Recently my husband and I went on a date ... to the grocery store ... without our four kids. Exciting, right? For us it was. It was wonderful and exciting because it was the closest thing we’ve had to a date night in a long time. Welcome to life in the second stage of marriage.

Almost 20 years ago, Mark and I stood before our family and friends and promised to love, honor, and cherish one another in good times and bad, in sickness and health. Now, looking back, I can confidently say we really had no idea what those vows actually meant.

In the first years of our marriage, we struggled to adapt to life with one another and our quirks. This became clear when we had our first major fight over my discovery that he stored the peanut butter in the refrigerator. And he quickly learned my habit of leaving my clothes on the floor. But luckily we had the luxury of all the time in the world to focus on us and work those issues out.

But then our first child, Maddie, came along and everything changed—especially our marriage. I am often reminded of a quote from my favorite movie, Hope Floats: “Beginnings are scary, endings are usually sad, but it’s the middle that counts the most.”

Suddenly life in this middle stage of marriage meant we were faced with a whole new set of challenges brought on by parenting. And all those support systems we had in place when we started out in our marriage did not seem quite as readily available. Lack of sleep, differing parenting styles, hectic schedules, and career goals seemed to push our relationship to the edge at times. Time together as a couple took a backseat.
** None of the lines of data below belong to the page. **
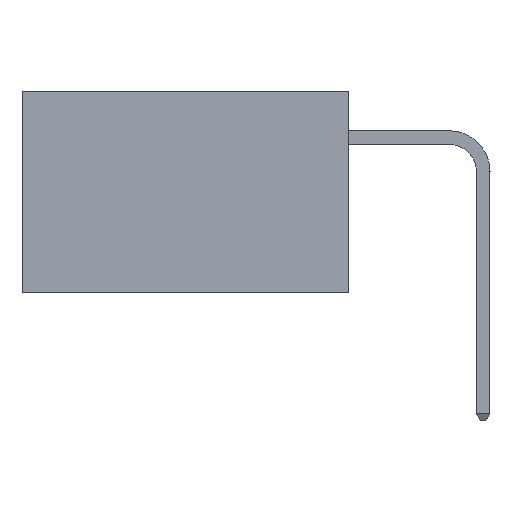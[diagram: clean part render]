
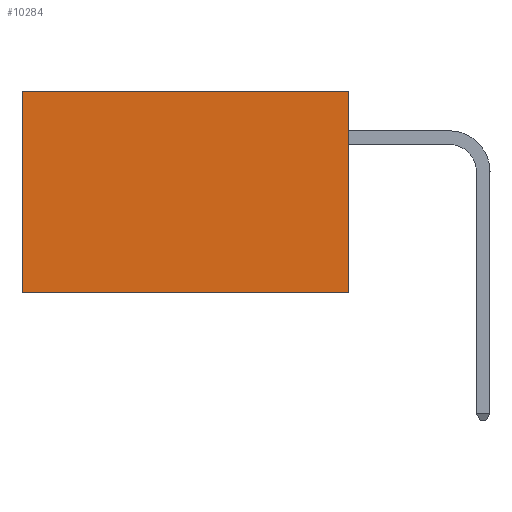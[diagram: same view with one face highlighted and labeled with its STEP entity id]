
A CAD part, left-side view. The second image highlights one B-rep face of the part: STEP entity #10284.
In plain terms, the highlighted planar face has unit normal (-1, 0, 0).
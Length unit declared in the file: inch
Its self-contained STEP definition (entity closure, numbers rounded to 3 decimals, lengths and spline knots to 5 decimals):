
#132 = EDGE_CURVE ( 'NONE', #9742, #6539, #5685, .T. ) ;
#932 = VECTOR ( 'NONE', #8160, 39.37008 ) ;
#2177 = PLANE ( 'NONE',  #10303 ) ;
#2461 = EDGE_CURVE ( 'NONE', #13736, #2590, #13563, .T. ) ;
#2518 = VECTOR ( 'NONE', #9835, 39.37008 ) ;
#2577 = CARTESIAN_POINT ( 'NONE',  ( 0.2875, 0., 0. ) ) ;
#2590 = VERTEX_POINT ( 'NONE', #2840 ) ;
#2840 = CARTESIAN_POINT ( 'NONE',  ( 0.2875, 0.6, -0.37 ) ) ;
#3305 = CARTESIAN_POINT ( 'NONE',  ( 0.2875, 0., 0. ) ) ;
#3352 = DIRECTION ( 'NONE',  ( 0., 0., -1. ) ) ;
#3667 = CARTESIAN_POINT ( 'NONE',  ( 0.2875, 0., 0. ) ) ;
#3873 = ORIENTED_EDGE ( 'NONE', *, *, #5854, .T. ) ;
#4135 = LINE ( 'NONE', #14130, #13211 ) ;
#5043 = DIRECTION ( 'NONE',  ( 0., 0., -1. ) ) ;
#5685 = LINE ( 'NONE', #2577, #2518 ) ;
#5724 = CARTESIAN_POINT ( 'NONE',  ( 0.2875, 0., -0.37 ) ) ;
#5854 = EDGE_CURVE ( 'NONE', #6539, #2590, #4135, .T. ) ;
#6539 = VERTEX_POINT ( 'NONE', #14917 ) ;
#7088 = VECTOR ( 'NONE', #5043, 39.37008 ) ;
#7304 = EDGE_LOOP ( 'NONE', ( #3873, #10965, #11635, #10842 ) ) ;
#7670 = CARTESIAN_POINT ( 'NONE',  ( 0.2875, 0., -0.37 ) ) ;
#8160 = DIRECTION ( 'NONE',  ( 0., 1., 0. ) ) ;
#8694 = EDGE_CURVE ( 'NONE', #9742, #13736, #13296, .T. ) ;
#9742 = VERTEX_POINT ( 'NONE', #3667 ) ;
#9835 = DIRECTION ( 'NONE',  ( 0., 1., 0. ) ) ;
#10283 = DIRECTION ( 'NONE',  ( 0., 0., -1. ) ) ;
#10284 = ADVANCED_FACE ( 'NONE', ( #14624 ), #2177, .F. ) ;
#10303 = AXIS2_PLACEMENT_3D ( 'NONE', #3305, #10517, #3352 ) ;
#10517 = DIRECTION ( 'NONE',  ( 1., 0., 0. ) ) ;
#10842 = ORIENTED_EDGE ( 'NONE', *, *, #132, .T. ) ;
#10965 = ORIENTED_EDGE ( 'NONE', *, *, #2461, .F. ) ;
#11635 = ORIENTED_EDGE ( 'NONE', *, *, #8694, .F. ) ;
#13211 = VECTOR ( 'NONE', #10283, 39.37008 ) ;
#13296 = LINE ( 'NONE', #13329, #7088 ) ;
#13329 = CARTESIAN_POINT ( 'NONE',  ( 0.2875, 0., 0. ) ) ;
#13563 = LINE ( 'NONE', #5724, #932 ) ;
#13736 = VERTEX_POINT ( 'NONE', #7670 ) ;
#14130 = CARTESIAN_POINT ( 'NONE',  ( 0.2875, 0.6, 0. ) ) ;
#14624 = FACE_OUTER_BOUND ( 'NONE', #7304, .T. ) ;
#14917 = CARTESIAN_POINT ( 'NONE',  ( 0.2875, 0.6, 0. ) ) ;
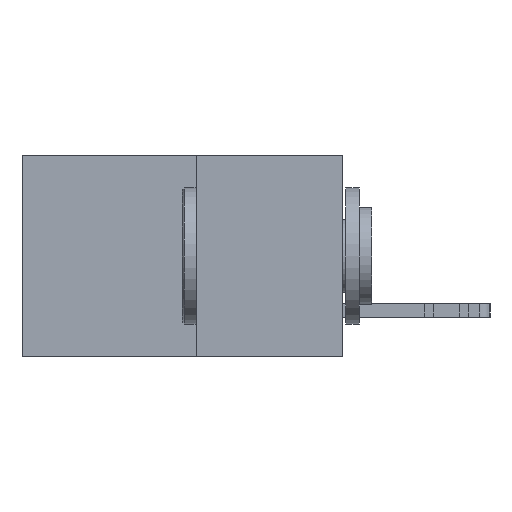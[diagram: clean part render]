
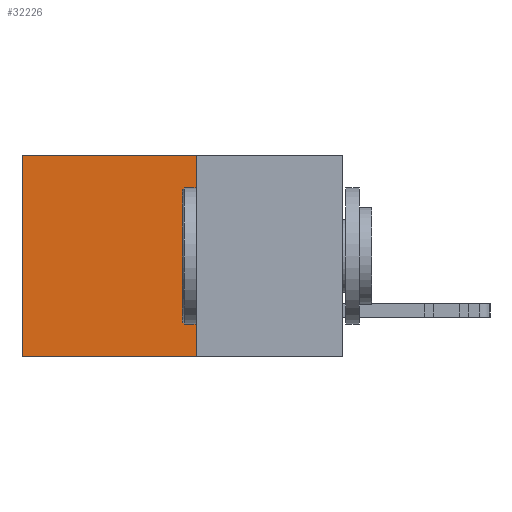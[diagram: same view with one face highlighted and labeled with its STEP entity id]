
A CAD part, left-side view. The second image highlights one B-rep face of the part: STEP entity #32226.
In plain terms, the highlighted planar face has unit normal (-1, 0, 0).
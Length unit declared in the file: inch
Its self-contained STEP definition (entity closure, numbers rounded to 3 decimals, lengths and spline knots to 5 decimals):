
#126 = CARTESIAN_POINT ( 'NONE',  ( 0.277, 0.27, -0.37 ) ) ;
#254 = ORIENTED_EDGE ( 'NONE', *, *, #28347, .T. ) ;
#859 = DIRECTION ( 'NONE',  ( 0., 0., -1. ) ) ;
#1474 = EDGE_CURVE ( 'NONE', #6012, #5961, #32894, .T. ) ;
#2754 = ORIENTED_EDGE ( 'NONE', *, *, #30194, .F. ) ;
#3324 = EDGE_LOOP ( 'NONE', ( #254, #25568, #2754, #27836 ) ) ;
#4399 = VERTEX_POINT ( 'NONE', #26667 ) ;
#4800 = PLANE ( 'NONE',  #15161 ) ;
#5698 = VERTEX_POINT ( 'NONE', #126 ) ;
#5961 = VERTEX_POINT ( 'NONE', #6341 ) ;
#6012 = VERTEX_POINT ( 'NONE', #19413 ) ;
#6341 = CARTESIAN_POINT ( 'NONE',  ( 0.277, 0.59, 0. ) ) ;
#6751 = VECTOR ( 'NONE', #25273, 39.37008 ) ;
#7300 = CARTESIAN_POINT ( 'NONE',  ( 0.277, 0.27, -0.37 ) ) ;
#7394 = DIRECTION ( 'NONE',  ( 1., 0., 0. ) ) ;
#7810 = DIRECTION ( 'NONE',  ( 0., 1., 0. ) ) ;
#10410 = CARTESIAN_POINT ( 'NONE',  ( 0.277, 0.27, -0.37 ) ) ;
#12394 = CARTESIAN_POINT ( 'NONE',  ( 0.277, 0.27, -0.37 ) ) ;
#15161 = AXIS2_PLACEMENT_3D ( 'NONE', #12394, #7394, #25378 ) ;
#18621 = LINE ( 'NONE', #31714, #24587 ) ;
#19244 = VECTOR ( 'NONE', #29615, 39.37008 ) ;
#19413 = CARTESIAN_POINT ( 'NONE',  ( 0.277, 0.27, 0. ) ) ;
#19469 = VECTOR ( 'NONE', #7810, 39.37008 ) ;
#20261 = LINE ( 'NONE', #10410, #19469 ) ;
#24587 = VECTOR ( 'NONE', #859, 39.37008 ) ;
#25273 = DIRECTION ( 'NONE',  ( 0., 0., -1. ) ) ;
#25378 = DIRECTION ( 'NONE',  ( 0., 0., -1. ) ) ;
#25568 = ORIENTED_EDGE ( 'NONE', *, *, #27395, .F. ) ;
#26667 = CARTESIAN_POINT ( 'NONE',  ( 0.277, 0.59, -0.37 ) ) ;
#27395 = EDGE_CURVE ( 'NONE', #5698, #4399, #20261, .T. ) ;
#27836 = ORIENTED_EDGE ( 'NONE', *, *, #1474, .T. ) ;
#28347 = EDGE_CURVE ( 'NONE', #5961, #4399, #18621, .T. ) ;
#29615 = DIRECTION ( 'NONE',  ( 0., 1., 0. ) ) ;
#29658 = CARTESIAN_POINT ( 'NONE',  ( 0.277, 0.27, 0. ) ) ;
#30194 = EDGE_CURVE ( 'NONE', #6012, #5698, #33318, .T. ) ;
#30372 = FACE_OUTER_BOUND ( 'NONE', #3324, .T. ) ;
#31714 = CARTESIAN_POINT ( 'NONE',  ( 0.277, 0.59, -0.37 ) ) ;
#32226 = ADVANCED_FACE ( 'NONE', ( #30372 ), #4800, .F. ) ;
#32894 = LINE ( 'NONE', #29658, #19244 ) ;
#33318 = LINE ( 'NONE', #7300, #6751 ) ;
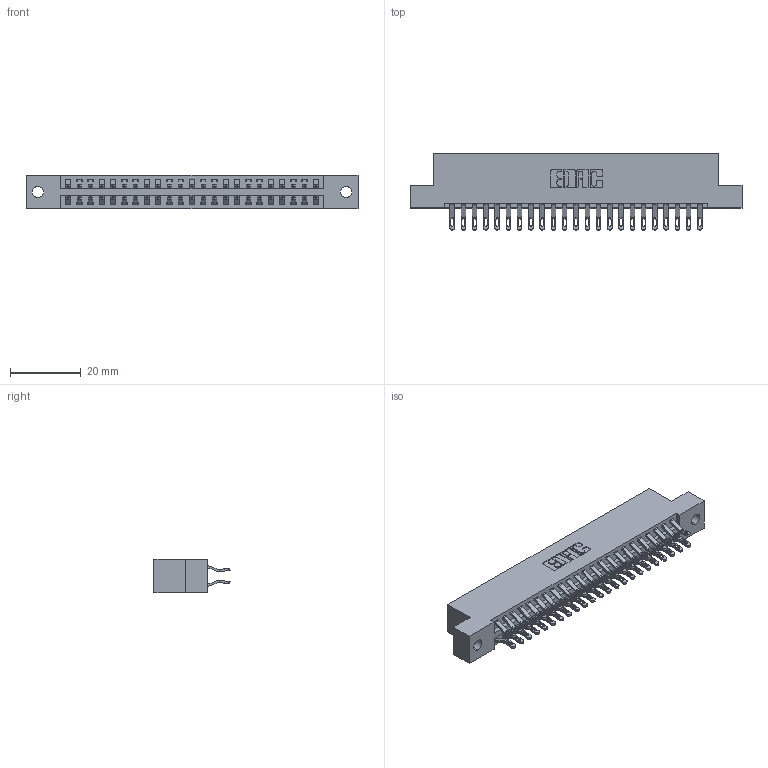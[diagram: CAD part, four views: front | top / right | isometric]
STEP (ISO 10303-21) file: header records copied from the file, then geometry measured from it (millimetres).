
FILE_DESCRIPTION (( 'STEP AP203' ), '1' );
FILE_NAME ('346-046-555-202.STEP', '2018-08-25T06:11:00', ( '' ), ( '' ), 'SwSTEP 2.0', 'SolidWorks 2016', '' );
FILE_SCHEMA (( 'CONFIG_CONTROL_DESIGN' ));
Length unit declared in the file: inch
Products named in the file (3): 346 Part_Flush Mounting Lugs - 0.128 Dia; 345-292-001_555 Tail; 346-046-555-202
Assembly tree (47 placements, depth 2):
  346-046-555-202
    346 Part_Flush Mounting Lugs - 0.128 Dia
    345-292-001_555 Tail  x46
Bounding box: 93.6 x 21.46 x 9.4 mm (x, y, z)
Volume: 9076.2 mm3; surface area: 12383.6 mm2
Topology: 47 solids, 47 shells, 2790 faces, 8747 edges, 5830 vertices
Faces by surface type: plane 1594, cylinder 1196
Entity records: 17897 total; most frequent: CARTESIAN_POINT 3010, ORIENTED_EDGE 2914, DIRECTION 2673, EDGE_CURVE 1457, LINE 1213, VECTOR 1213, VERTEX_POINT 970, AXIS2_PLACEMENT_3D 730

We became quickly aware that these are the years when the rubber meets the road when it comes to marriage; the time when we put the flesh on our vows.

We would commiserate with friends—many of whom found themselves in the same situation—about things like nearly nonexistent sex lives, financial struggles, house repairs, and a complete lack of a social life.

The subsequent births of each of our next three children over the next ten years brought more and new challenges to our marriage—and meant less time for us grownups to spend together. My role as bad cop to Mark’s good cop has caused more than its share of arguments. But we ride out the ebbs and flows, knowing full well that we are in this for the long haul. That’s not to say it is always easy, though.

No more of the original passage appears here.